#### [TASK DETAILS]
Below are several records. Retype exactly those lines running from the one with "img = bpy.data.images.new(name, width, height)" through the one with "world_world = bpy.data.worlds.new('World');", end lines included, and no others.

[Data items]
_ _ _ _ _ _ _
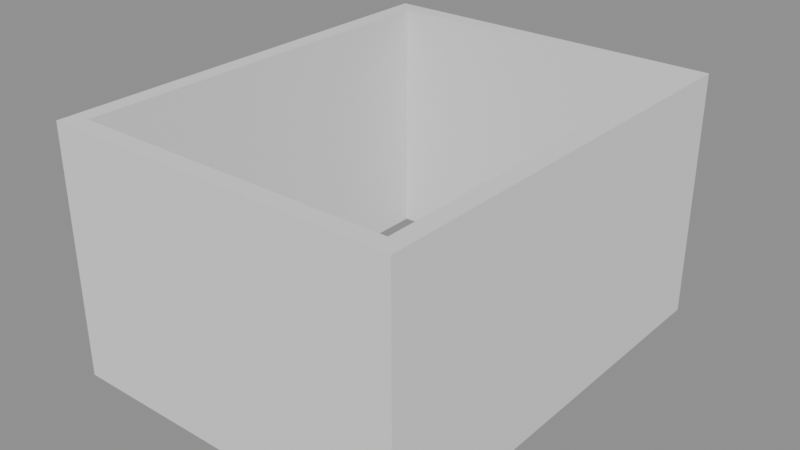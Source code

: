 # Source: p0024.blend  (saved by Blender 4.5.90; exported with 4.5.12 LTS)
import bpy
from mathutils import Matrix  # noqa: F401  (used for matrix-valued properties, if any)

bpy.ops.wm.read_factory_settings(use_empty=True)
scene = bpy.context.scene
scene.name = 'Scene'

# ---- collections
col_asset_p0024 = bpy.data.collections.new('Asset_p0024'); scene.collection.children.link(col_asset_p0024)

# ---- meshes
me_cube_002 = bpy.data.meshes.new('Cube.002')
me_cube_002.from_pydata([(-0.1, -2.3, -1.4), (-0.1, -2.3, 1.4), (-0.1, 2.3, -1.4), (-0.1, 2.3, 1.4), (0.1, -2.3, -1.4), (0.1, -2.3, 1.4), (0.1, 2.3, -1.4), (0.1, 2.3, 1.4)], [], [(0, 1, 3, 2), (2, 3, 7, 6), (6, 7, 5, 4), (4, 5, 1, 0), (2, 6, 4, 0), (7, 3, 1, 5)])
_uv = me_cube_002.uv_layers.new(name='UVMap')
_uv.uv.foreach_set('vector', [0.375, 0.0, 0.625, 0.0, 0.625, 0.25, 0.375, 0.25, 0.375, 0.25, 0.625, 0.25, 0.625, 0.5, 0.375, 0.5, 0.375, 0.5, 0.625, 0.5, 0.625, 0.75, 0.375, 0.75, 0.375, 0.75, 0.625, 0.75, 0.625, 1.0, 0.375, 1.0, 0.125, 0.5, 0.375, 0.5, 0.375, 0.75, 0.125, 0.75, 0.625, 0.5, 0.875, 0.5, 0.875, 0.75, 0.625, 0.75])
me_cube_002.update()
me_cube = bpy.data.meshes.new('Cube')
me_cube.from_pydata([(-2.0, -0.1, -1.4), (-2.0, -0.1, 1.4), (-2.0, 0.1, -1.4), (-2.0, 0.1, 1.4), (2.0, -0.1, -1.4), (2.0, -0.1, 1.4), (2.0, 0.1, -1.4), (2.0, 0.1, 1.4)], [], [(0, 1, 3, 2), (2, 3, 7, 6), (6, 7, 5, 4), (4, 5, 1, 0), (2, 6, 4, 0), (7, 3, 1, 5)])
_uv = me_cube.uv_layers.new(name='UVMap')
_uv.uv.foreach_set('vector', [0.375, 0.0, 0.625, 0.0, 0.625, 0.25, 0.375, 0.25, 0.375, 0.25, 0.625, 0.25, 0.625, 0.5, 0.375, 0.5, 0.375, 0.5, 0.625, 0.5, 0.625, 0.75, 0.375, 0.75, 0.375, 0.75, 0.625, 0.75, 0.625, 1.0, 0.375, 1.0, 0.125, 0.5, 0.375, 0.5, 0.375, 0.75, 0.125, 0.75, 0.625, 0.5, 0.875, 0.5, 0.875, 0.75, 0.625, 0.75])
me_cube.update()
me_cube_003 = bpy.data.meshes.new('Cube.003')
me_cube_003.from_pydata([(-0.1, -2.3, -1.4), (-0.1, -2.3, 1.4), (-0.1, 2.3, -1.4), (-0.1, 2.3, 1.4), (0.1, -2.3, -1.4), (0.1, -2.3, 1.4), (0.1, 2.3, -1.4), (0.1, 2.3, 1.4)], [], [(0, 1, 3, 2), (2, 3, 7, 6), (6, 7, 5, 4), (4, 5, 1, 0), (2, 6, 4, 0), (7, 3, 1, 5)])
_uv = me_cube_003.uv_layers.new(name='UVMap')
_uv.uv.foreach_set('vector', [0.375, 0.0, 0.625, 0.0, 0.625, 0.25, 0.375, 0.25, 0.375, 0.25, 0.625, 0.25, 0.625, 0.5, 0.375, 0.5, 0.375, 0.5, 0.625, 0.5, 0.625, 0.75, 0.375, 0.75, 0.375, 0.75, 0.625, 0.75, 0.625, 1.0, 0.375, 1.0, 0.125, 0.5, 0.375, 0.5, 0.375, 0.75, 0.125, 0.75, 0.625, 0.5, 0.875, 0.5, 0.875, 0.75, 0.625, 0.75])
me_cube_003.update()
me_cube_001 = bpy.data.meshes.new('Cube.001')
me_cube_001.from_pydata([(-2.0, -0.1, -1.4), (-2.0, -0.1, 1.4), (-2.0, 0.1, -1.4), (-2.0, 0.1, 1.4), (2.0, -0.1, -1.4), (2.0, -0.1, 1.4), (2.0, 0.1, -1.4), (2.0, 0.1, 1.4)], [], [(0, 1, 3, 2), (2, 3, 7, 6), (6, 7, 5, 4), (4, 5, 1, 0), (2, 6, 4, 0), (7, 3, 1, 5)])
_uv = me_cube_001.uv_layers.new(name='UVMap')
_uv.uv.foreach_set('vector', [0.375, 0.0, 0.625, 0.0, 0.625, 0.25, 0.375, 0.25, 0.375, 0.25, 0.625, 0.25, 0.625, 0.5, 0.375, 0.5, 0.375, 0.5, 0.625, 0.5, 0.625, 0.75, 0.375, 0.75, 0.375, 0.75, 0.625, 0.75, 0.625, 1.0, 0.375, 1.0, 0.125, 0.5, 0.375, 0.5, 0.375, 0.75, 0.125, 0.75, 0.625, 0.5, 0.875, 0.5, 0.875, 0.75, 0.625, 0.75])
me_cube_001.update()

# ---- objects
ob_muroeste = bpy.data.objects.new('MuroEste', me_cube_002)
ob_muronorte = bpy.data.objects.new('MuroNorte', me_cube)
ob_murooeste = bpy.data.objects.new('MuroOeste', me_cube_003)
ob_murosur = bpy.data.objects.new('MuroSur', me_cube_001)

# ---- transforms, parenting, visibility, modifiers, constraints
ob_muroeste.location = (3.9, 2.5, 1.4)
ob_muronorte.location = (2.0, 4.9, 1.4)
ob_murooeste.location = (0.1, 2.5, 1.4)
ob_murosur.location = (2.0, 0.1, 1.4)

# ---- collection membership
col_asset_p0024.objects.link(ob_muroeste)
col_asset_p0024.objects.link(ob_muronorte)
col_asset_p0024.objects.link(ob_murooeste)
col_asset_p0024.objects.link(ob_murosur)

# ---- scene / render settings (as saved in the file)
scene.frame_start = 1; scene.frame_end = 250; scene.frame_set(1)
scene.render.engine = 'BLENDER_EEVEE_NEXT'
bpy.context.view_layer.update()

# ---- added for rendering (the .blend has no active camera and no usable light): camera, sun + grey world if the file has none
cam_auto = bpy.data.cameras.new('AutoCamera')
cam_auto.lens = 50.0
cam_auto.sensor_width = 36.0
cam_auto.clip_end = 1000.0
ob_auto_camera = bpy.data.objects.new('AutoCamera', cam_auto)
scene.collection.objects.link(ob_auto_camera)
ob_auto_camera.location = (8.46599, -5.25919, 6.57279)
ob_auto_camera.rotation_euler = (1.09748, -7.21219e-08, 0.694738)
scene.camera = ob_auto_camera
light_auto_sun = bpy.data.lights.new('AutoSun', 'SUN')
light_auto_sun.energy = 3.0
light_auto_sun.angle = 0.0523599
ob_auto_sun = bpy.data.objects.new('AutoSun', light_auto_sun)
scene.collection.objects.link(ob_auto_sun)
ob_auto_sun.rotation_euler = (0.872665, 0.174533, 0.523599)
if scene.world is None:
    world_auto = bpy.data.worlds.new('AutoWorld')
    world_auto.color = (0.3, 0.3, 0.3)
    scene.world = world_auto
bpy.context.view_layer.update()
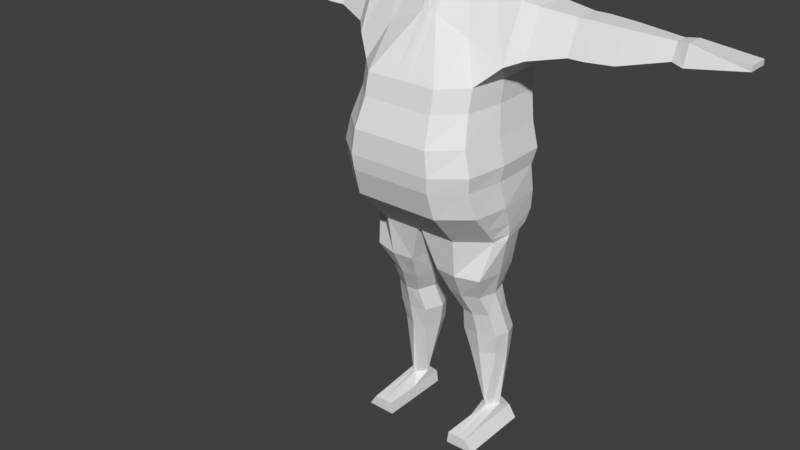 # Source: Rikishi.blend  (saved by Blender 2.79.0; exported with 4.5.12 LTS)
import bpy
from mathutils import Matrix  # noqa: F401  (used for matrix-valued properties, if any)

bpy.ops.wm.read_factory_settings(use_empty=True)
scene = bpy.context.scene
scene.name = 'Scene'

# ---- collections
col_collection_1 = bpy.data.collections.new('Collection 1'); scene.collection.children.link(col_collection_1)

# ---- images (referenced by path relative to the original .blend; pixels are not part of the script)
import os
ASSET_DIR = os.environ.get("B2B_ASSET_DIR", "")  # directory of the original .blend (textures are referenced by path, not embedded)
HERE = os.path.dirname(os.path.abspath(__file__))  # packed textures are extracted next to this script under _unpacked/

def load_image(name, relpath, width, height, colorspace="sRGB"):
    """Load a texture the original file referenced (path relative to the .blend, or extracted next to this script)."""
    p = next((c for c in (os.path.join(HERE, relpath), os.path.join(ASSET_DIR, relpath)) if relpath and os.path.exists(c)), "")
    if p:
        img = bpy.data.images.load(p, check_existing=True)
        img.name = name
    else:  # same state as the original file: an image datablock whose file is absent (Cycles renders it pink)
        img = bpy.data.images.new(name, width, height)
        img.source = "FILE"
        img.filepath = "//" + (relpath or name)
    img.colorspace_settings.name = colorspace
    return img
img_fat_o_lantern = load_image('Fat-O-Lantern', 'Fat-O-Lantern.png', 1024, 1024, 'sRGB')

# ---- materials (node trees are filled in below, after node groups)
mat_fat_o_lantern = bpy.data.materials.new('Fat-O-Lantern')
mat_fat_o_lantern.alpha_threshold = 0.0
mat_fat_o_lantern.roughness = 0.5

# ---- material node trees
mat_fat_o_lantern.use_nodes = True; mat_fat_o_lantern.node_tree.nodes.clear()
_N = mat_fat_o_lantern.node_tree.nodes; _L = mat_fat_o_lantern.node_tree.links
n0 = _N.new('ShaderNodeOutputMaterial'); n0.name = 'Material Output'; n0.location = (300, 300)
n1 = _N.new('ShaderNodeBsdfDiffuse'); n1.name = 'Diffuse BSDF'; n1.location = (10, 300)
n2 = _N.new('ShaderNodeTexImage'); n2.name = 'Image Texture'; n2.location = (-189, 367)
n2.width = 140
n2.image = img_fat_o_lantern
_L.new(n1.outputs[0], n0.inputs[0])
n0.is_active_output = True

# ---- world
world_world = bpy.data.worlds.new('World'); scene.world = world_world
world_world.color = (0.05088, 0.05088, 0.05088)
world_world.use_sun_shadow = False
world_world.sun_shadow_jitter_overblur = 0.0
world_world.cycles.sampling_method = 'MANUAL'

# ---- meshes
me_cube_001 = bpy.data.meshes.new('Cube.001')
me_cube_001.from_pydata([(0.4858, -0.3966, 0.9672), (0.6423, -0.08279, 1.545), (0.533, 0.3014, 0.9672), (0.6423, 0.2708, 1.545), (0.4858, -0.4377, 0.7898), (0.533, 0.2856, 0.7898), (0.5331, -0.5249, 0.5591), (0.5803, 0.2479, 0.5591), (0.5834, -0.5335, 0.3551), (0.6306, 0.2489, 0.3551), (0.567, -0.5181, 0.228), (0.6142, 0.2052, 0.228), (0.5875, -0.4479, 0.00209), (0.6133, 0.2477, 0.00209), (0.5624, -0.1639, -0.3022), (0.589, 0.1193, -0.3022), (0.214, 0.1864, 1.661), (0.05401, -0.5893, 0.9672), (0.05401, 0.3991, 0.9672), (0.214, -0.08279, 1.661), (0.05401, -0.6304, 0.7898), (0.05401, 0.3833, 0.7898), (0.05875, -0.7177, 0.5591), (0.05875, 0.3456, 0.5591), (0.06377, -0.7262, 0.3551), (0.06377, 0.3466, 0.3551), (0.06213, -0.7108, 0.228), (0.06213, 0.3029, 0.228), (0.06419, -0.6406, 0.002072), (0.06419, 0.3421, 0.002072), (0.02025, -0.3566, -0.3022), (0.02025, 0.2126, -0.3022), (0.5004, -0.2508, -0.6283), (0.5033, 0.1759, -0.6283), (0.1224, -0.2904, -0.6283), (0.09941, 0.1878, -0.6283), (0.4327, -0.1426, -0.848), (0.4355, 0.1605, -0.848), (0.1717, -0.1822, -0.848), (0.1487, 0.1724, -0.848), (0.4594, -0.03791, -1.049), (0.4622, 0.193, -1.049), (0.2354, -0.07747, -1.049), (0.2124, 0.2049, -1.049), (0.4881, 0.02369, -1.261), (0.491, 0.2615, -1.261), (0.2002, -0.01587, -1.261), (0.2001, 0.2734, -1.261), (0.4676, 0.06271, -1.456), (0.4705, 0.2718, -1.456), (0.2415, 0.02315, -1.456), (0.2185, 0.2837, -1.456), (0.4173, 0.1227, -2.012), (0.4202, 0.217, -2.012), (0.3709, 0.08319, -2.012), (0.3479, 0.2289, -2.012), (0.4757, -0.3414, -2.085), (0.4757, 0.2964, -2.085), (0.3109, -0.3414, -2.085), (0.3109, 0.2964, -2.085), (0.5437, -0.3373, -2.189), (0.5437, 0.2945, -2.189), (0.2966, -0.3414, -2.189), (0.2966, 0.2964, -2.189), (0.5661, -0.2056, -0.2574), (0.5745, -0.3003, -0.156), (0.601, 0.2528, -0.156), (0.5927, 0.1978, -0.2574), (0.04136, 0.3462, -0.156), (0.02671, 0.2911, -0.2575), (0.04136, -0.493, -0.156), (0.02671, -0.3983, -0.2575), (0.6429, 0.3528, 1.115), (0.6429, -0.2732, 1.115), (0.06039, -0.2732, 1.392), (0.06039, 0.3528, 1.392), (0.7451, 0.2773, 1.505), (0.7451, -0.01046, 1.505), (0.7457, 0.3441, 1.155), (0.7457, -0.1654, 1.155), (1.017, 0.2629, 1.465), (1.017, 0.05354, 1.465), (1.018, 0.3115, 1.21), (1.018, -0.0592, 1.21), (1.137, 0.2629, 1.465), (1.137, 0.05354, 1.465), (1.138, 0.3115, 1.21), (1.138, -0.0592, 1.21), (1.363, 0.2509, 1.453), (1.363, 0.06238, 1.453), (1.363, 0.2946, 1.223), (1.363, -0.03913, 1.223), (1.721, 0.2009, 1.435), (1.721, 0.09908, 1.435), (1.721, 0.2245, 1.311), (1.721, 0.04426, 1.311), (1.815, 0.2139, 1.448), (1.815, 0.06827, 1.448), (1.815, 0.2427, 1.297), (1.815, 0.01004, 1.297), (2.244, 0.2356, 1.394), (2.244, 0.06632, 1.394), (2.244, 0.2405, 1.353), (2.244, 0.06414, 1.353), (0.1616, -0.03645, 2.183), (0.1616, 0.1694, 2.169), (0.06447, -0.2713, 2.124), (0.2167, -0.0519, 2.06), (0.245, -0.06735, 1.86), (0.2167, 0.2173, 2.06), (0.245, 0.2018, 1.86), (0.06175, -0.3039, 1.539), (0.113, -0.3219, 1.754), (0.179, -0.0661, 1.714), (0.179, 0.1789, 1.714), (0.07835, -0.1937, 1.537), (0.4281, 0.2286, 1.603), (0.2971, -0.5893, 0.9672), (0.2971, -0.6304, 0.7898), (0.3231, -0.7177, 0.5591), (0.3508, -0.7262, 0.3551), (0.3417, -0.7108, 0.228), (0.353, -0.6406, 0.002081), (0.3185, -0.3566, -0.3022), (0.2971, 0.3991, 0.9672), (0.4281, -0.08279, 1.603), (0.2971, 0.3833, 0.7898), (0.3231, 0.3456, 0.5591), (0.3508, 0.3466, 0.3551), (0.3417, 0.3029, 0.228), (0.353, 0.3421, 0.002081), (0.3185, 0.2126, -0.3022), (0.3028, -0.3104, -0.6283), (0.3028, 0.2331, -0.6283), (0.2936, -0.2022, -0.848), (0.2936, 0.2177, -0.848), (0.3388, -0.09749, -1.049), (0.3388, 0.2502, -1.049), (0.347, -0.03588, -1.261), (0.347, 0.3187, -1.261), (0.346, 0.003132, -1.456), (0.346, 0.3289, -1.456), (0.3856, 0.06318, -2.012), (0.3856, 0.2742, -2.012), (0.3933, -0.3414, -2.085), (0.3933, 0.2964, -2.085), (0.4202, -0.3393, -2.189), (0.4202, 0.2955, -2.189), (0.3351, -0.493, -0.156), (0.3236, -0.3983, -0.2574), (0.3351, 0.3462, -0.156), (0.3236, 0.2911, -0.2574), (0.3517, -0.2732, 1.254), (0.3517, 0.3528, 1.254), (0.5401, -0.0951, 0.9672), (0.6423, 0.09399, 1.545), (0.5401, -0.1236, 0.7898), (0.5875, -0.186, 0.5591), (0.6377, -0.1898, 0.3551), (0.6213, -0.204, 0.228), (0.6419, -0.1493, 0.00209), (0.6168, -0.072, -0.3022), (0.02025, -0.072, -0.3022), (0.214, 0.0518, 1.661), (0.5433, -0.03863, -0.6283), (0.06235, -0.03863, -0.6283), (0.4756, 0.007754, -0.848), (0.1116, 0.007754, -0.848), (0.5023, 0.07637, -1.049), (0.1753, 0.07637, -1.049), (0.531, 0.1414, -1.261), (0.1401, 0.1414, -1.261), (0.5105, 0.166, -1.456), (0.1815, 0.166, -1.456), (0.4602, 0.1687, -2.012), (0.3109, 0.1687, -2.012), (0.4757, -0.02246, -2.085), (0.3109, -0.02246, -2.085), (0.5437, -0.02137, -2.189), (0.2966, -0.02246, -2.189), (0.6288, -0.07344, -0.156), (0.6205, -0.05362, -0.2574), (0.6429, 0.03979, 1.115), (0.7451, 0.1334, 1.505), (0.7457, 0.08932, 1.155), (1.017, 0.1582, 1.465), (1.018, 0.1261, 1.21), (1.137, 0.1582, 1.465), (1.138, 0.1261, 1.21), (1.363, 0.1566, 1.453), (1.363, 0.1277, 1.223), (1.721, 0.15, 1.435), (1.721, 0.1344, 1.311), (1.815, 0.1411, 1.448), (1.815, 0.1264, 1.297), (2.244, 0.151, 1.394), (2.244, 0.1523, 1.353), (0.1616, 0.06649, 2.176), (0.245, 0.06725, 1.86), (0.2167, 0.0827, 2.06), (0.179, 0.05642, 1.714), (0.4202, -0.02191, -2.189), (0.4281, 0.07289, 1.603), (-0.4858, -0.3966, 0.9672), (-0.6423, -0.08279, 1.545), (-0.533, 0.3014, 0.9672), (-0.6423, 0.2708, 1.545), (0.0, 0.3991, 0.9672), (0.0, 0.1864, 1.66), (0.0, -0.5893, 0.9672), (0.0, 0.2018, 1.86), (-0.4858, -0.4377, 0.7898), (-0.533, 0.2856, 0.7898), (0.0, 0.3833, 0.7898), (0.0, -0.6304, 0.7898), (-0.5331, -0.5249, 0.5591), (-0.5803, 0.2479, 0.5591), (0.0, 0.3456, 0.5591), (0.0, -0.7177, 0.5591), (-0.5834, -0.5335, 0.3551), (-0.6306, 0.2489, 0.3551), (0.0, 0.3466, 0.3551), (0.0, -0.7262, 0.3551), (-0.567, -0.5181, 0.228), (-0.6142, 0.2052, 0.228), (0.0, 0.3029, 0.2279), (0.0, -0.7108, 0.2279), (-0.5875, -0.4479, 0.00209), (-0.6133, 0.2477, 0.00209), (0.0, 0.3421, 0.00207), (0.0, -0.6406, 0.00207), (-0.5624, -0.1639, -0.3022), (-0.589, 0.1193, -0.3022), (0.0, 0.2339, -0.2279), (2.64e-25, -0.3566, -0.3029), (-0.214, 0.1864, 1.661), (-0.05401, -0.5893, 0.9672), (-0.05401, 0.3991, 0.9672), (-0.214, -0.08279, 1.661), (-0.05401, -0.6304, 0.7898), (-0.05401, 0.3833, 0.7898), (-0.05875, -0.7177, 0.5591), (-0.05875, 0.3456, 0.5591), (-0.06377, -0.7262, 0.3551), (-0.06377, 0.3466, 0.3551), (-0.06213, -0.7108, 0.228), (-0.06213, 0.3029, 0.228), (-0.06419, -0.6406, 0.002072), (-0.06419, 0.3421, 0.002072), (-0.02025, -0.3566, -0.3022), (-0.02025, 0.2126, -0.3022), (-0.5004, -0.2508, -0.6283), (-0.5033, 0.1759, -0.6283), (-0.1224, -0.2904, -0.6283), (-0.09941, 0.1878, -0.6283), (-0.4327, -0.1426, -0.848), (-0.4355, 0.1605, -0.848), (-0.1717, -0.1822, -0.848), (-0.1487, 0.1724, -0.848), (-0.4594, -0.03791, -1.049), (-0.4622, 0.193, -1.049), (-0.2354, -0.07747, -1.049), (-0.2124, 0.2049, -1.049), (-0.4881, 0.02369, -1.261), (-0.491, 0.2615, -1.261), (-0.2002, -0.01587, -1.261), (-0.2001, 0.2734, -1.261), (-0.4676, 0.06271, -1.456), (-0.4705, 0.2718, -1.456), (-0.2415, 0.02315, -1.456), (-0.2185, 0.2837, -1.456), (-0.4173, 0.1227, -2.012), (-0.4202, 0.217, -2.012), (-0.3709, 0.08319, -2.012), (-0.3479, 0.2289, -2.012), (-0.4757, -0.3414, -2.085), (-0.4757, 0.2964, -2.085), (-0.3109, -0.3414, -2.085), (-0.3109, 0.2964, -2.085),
_ _ _ _ _ _ _
#### [ANSWER]
        img = bpy.data.images.new(name, width, height)
        img.source = "FILE"
        img.filepath = "//" + (relpath or name)
    img.colorspace_settings.name = colorspace
    return img
img_fat_o_lantern = load_image('Fat-O-Lantern', 'Fat-O-Lantern.png', 1024, 1024, 'sRGB')

# ---- materials (node trees are filled in below, after node groups)
mat_fat_o_lantern = bpy.data.materials.new('Fat-O-Lantern')
mat_fat_o_lantern.alpha_threshold = 0.0
mat_fat_o_lantern.roughness = 0.5

# ---- material node trees
mat_fat_o_lantern.use_nodes = True; mat_fat_o_lantern.node_tree.nodes.clear()
_N = mat_fat_o_lantern.node_tree.nodes; _L = mat_fat_o_lantern.node_tree.links
n0 = _N.new('ShaderNodeOutputMaterial'); n0.name = 'Material Output'; n0.location = (300, 300)
n1 = _N.new('ShaderNodeBsdfDiffuse'); n1.name = 'Diffuse BSDF'; n1.location = (10, 300)
n2 = _N.new('ShaderNodeTexImage'); n2.name = 'Image Texture'; n2.location = (-189, 367)
n2.width = 140
n2.image = img_fat_o_lantern
_L.new(n1.outputs[0], n0.inputs[0])
n0.is_active_output = True

# ---- world
world_world = bpy.data.worlds.new('World'); scene.world = world_world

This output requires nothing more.